**EXERCISE BRIEF**.
Give the records again exactly. Pictures do not belong in the copy.

**DATA EXTRACT**.
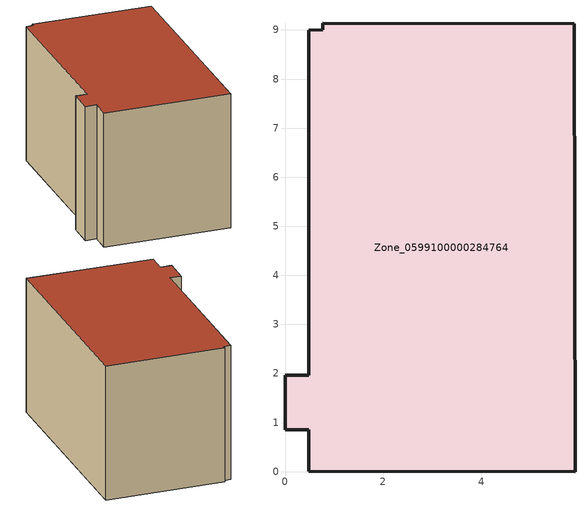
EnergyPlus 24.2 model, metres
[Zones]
Zone_0599100000284764
 floor ground (C_G): 0.48,0.85 0,0.85 0,1.96 0.48,1.96 0.48,8.99 0.77,9 0.77,9.13 5.89,9.13 5.91,0 0.48,0.01 z0
 wall outside (C_F): 0,0.85 0.48,0.85 0.48,0.01 5.91,0 5.89,9.13 0.77,9.13 0.77,9 0.48,8.99 0.48,1.96 0,1.96 0,0.85 z0:5.92
 roof outside (C_R): 5.89,9.13 0.77,9.13 0.77,9 0.48,8.99 0.48,1.96 0,1.96 0,0.85 0.48,0.85 0.48,0.01 5.91,0 z5.92
[BUILDING]
Pand.0599100000284764: North Axis=0; Terrain=City; Loads Convergence Tolerance Value=0.04; Temperature Convergence Tolerance Value=0.4; Solar Distribution=FullExterior; Maximum Number of Warmup Days=25; Minimum Number of Warmup Days=1
[Site:Location]
Rotterdam.The.Hague.AP_ZH_NLD Design_Conditions: Latitude=51.96; Longitude=4.45; Time Zone=1; Elevation=-4.5
[SITE:GROUNDTEMPERATURE:BUILDINGSURFACE]
18, 18, 18, 18, 18, 18, 18, 18, 18, 18, 18, 18
[MATERIAL] Thermal Absorptance=0.9; Solar Absorptance=0.7; Visible Absorptance=0.7
Name | Roughness | Thickness | Conductivity | Density | Specific Heat
G.TI.1946-1964 | MediumSmooth | 0.15 | 1 | 540 | 1210
F.TI.1946-1964 | Rough | 0.3 | 0.857143 | 1920 | 840
R.TI.1946-1964 | MediumRough | 0.2 | 0.277778 | 1500 | 1000
[CONSTRUCTION]
C_G: G.TI.1946-1964
C_F: F.TI.1946-1964
C_R: R.TI.1946-1964
[ZONE]
Zone_0599100000284764: Type=1; Multiplier=1; Ceiling Height=Autocalculate; Volume=Autocalculate; Floor Area=autocalculate; Part of Total Floor Area=Yes
[ZONEINFILTRATION:DESIGNFLOWRATE]
Infil_Zone_0599100000284764: Zone or ZoneList or Space or SpaceList=Zone_0599100000284764; Schedule=AlwaysOn; Design Flow Rate Calculation Method=Flow/Area; Flow Rate per Floor Area=0.003; Constant Term Coefficient=1; Temperature Term Coefficient=0; Velocity Term Coefficient=0; Velocity Squared Term Coefficient=0
[HVACTEMPLATE:ZONE:IDEALLOADSAIRSYSTEM]
Zone_0599100000284764: Maximum Heating Supply Air Temperature=50; Minimum Cooling Supply Air Temperature=13; Maximum Heating Supply Air Humidity Ratio=0.0156; Minimum Cooling Supply Air Humidity Ratio=0.0077; Heating Limit=NoLimit; Cooling Limit=NoLimit; Dehumidification Control Type=ConstantSensibleHeatRatio; Cooling Sensible Heat Ratio=0.7; Dehumidification Setpoint=60; Humidification Control Type=None; Humidification Setpoint=30; Outdoor Air Method=None; Outdoor Air Flow Rate per Person=0.00944; Outdoor Air Flow Rate per Zone Floor Area=0; Outdoor Air Flow Rate per Zone=0; Demand Controlled Ventilation Type=None; Outdoor Air Economizer Type=NoEconomizer; Heat Recovery Type=None; Sensible Heat Recovery Effectiveness=0.7; Latent Heat Recovery Effectiveness=0.65
[ZONECONTROL:THERMOSTAT]
ThermostatControl_Zone_0599100000284764: Zone or ZoneList=Zone_0599100000284764; Control Type Schedule=DualSetpointControlType; Control 1=Thermostat_Zone_0599100000284764; Temperature Difference Between Cutout And Setpoint=0
[THERMOSTATSETPOINT:DUALSETPOINT]
Thermostat_Zone_0599100000284764: Heating Setpoint Temperature Schedule=HeatingSetpoint_Zone_0599100000284764; Cooling Setpoint Temperature Schedule=CoolingSetpoint_Zone_0599100000284764
[SCHEDULE:COMPACT]
HeatingSetpoint_Zone_0599100000284764: Through: 12/31, For: AllDays, Until: 24:00, 21
CoolingSetpoint_Zone_0599100000284764: Through: 12/31, For: AllDays, Until: 24:00, 24
DualSetpointControlType: Through: 12/31, For: AllDays, Until: 24:00, 4
AlwaysOn: Through: 12/31, For: AllDays, Until: 24:00, 1

**TASK OUTPUT**.
EnergyPlus 24.2 model, metres
[Zones]
Zone_0599100000284764
 floor ground (C_G): 0.48,0.85 0,0.85 0,1.96 0.48,1.96 0.48,8.99 0.77,9 0.77,9.13 5.89,9.13 5.91,0 0.48,0.01 z0
 wall outside (C_F): 0,0.85 0.48,0.85 0.48,0.01 5.91,0 5.89,9.13 0.77,9.13 0.77,9 0.48,8.99 0.48,1.96 0,1.96 0,0.85 z0:5.92
 roof outside (C_R): 5.89,9.13 0.77,9.13 0.77,9 0.48,8.99 0.48,1.96 0,1.96 0,0.85 0.48,0.85 0.48,0.01 5.91,0 z5.92
[BUILDING]
Pand.0599100000284764: North Axis=0; Terrain=City; Loads Convergence Tolerance Value=0.04; Temperature Convergence Tolerance Value=0.4; Solar Distribution=FullExterior; Maximum Number of Warmup Days=25; Minimum Number of Warmup Days=1
[Site:Location]
Rotterdam.The.Hague.AP_ZH_NLD Design_Conditions: Latitude=51.96; Longitude=4.45; Time Zone=1; Elevation=-4.5
[SITE:GROUNDTEMPERATURE:BUILDINGSURFACE]
18, 18, 18, 18, 18, 18, 18, 18, 18, 18, 18, 18
[MATERIAL] Thermal Absorptance=0.9; Solar Absorptance=0.7; Visible Absorptance=0.7
Name | Roughness | Thickness | Conductivity | Density | Specific Heat
G.TI.1946-1964 | MediumSmooth | 0.15 | 1 | 540 | 1210
F.TI.1946-1964 | Rough | 0.3 | 0.857143 | 1920 | 840
R.TI.1946-1964 | MediumRough | 0.2 | 0.277778 | 1500 | 1000
[CONSTRUCTION]
C_G: G.TI.1946-1964
C_F: F.TI.1946-1964
C_R: R.TI.1946-1964
[ZONE]
Zone_0599100000284764: Type=1; Multiplier=1; Ceiling Height=Autocalculate; Volume=Autocalculate; Floor Area=autocalculate; Part of Total Floor Area=Yes
[ZONEINFILTRATION:DESIGNFLOWRATE]
Infil_Zone_0599100000284764: Zone or ZoneList or Space or SpaceList=Zone_0599100000284764; Schedule=AlwaysOn; Design Flow Rate Calculation Method=Flow/Area; Flow Rate per Floor Area=0.003; Constant Term Coefficient=1; Temperature Term Coefficient=0; Velocity Term Coefficient=0; Velocity Squared Term Coefficient=0
[HVACTEMPLATE:ZONE:IDEALLOADSAIRSYSTEM]
Zone_0599100000284764: Maximum Heating Supply Air Temperature=50; Minimum Cooling Supply Air Temperature=13; Maximum Heating Supply Air Humidity Ratio=0.0156; Minimum Cooling Supply Air Humidity Ratio=0.0077; Heating Limit=NoLimit; Cooling Limit=NoLimit; Dehumidification Control Type=ConstantSensibleHeatRatio; Cooling Sensible Heat Ratio=0.7; Dehumidification Setpoint=60; Humidification Control Type=None; Humidification Setpoint=30; Outdoor Air Method=None; Outdoor Air Flow Rate per Person=0.00944; Outdoor Air Flow Rate per Zone Floor Area=0; Outdoor Air Flow Rate per Zone=0; Demand Controlled Ventilation Type=None; Outdoor Air Economizer Type=NoEconomizer; Heat Recovery Type=None; Sensible Heat Recovery Effectiveness=0.7; Latent Heat Recovery Effectiveness=0.65
[ZONECONTROL:THERMOSTAT]
ThermostatControl_Zone_0599100000284764: Zone or ZoneList=Zone_0599100000284764; Control Type Schedule=DualSetpointControlType; Control 1=Thermostat_Zone_0599100000284764; Temperature Difference Between Cutout And Setpoint=0
[THERMOSTATSETPOINT:DUALSETPOINT]
Thermostat_Zone_0599100000284764: Heating Setpoint Temperature Schedule=HeatingSetpoint_Zone_0599100000284764; Cooling Setpoint Temperature Schedule=CoolingSetpoint_Zone_0599100000284764
[SCHEDULE:COMPACT]
HeatingSetpoint_Zone_0599100000284764: Through: 12/31, For: AllDays, Until: 24:00, 21
CoolingSetpoint_Zone_0599100000284764: Through: 12/31, For: AllDays, Until: 24:00, 24
DualSetpointControlType: Through: 12/31, For: AllDays, Until: 24:00, 4
AlwaysOn: Through: 12/31, For: AllDays, Until: 24:00, 1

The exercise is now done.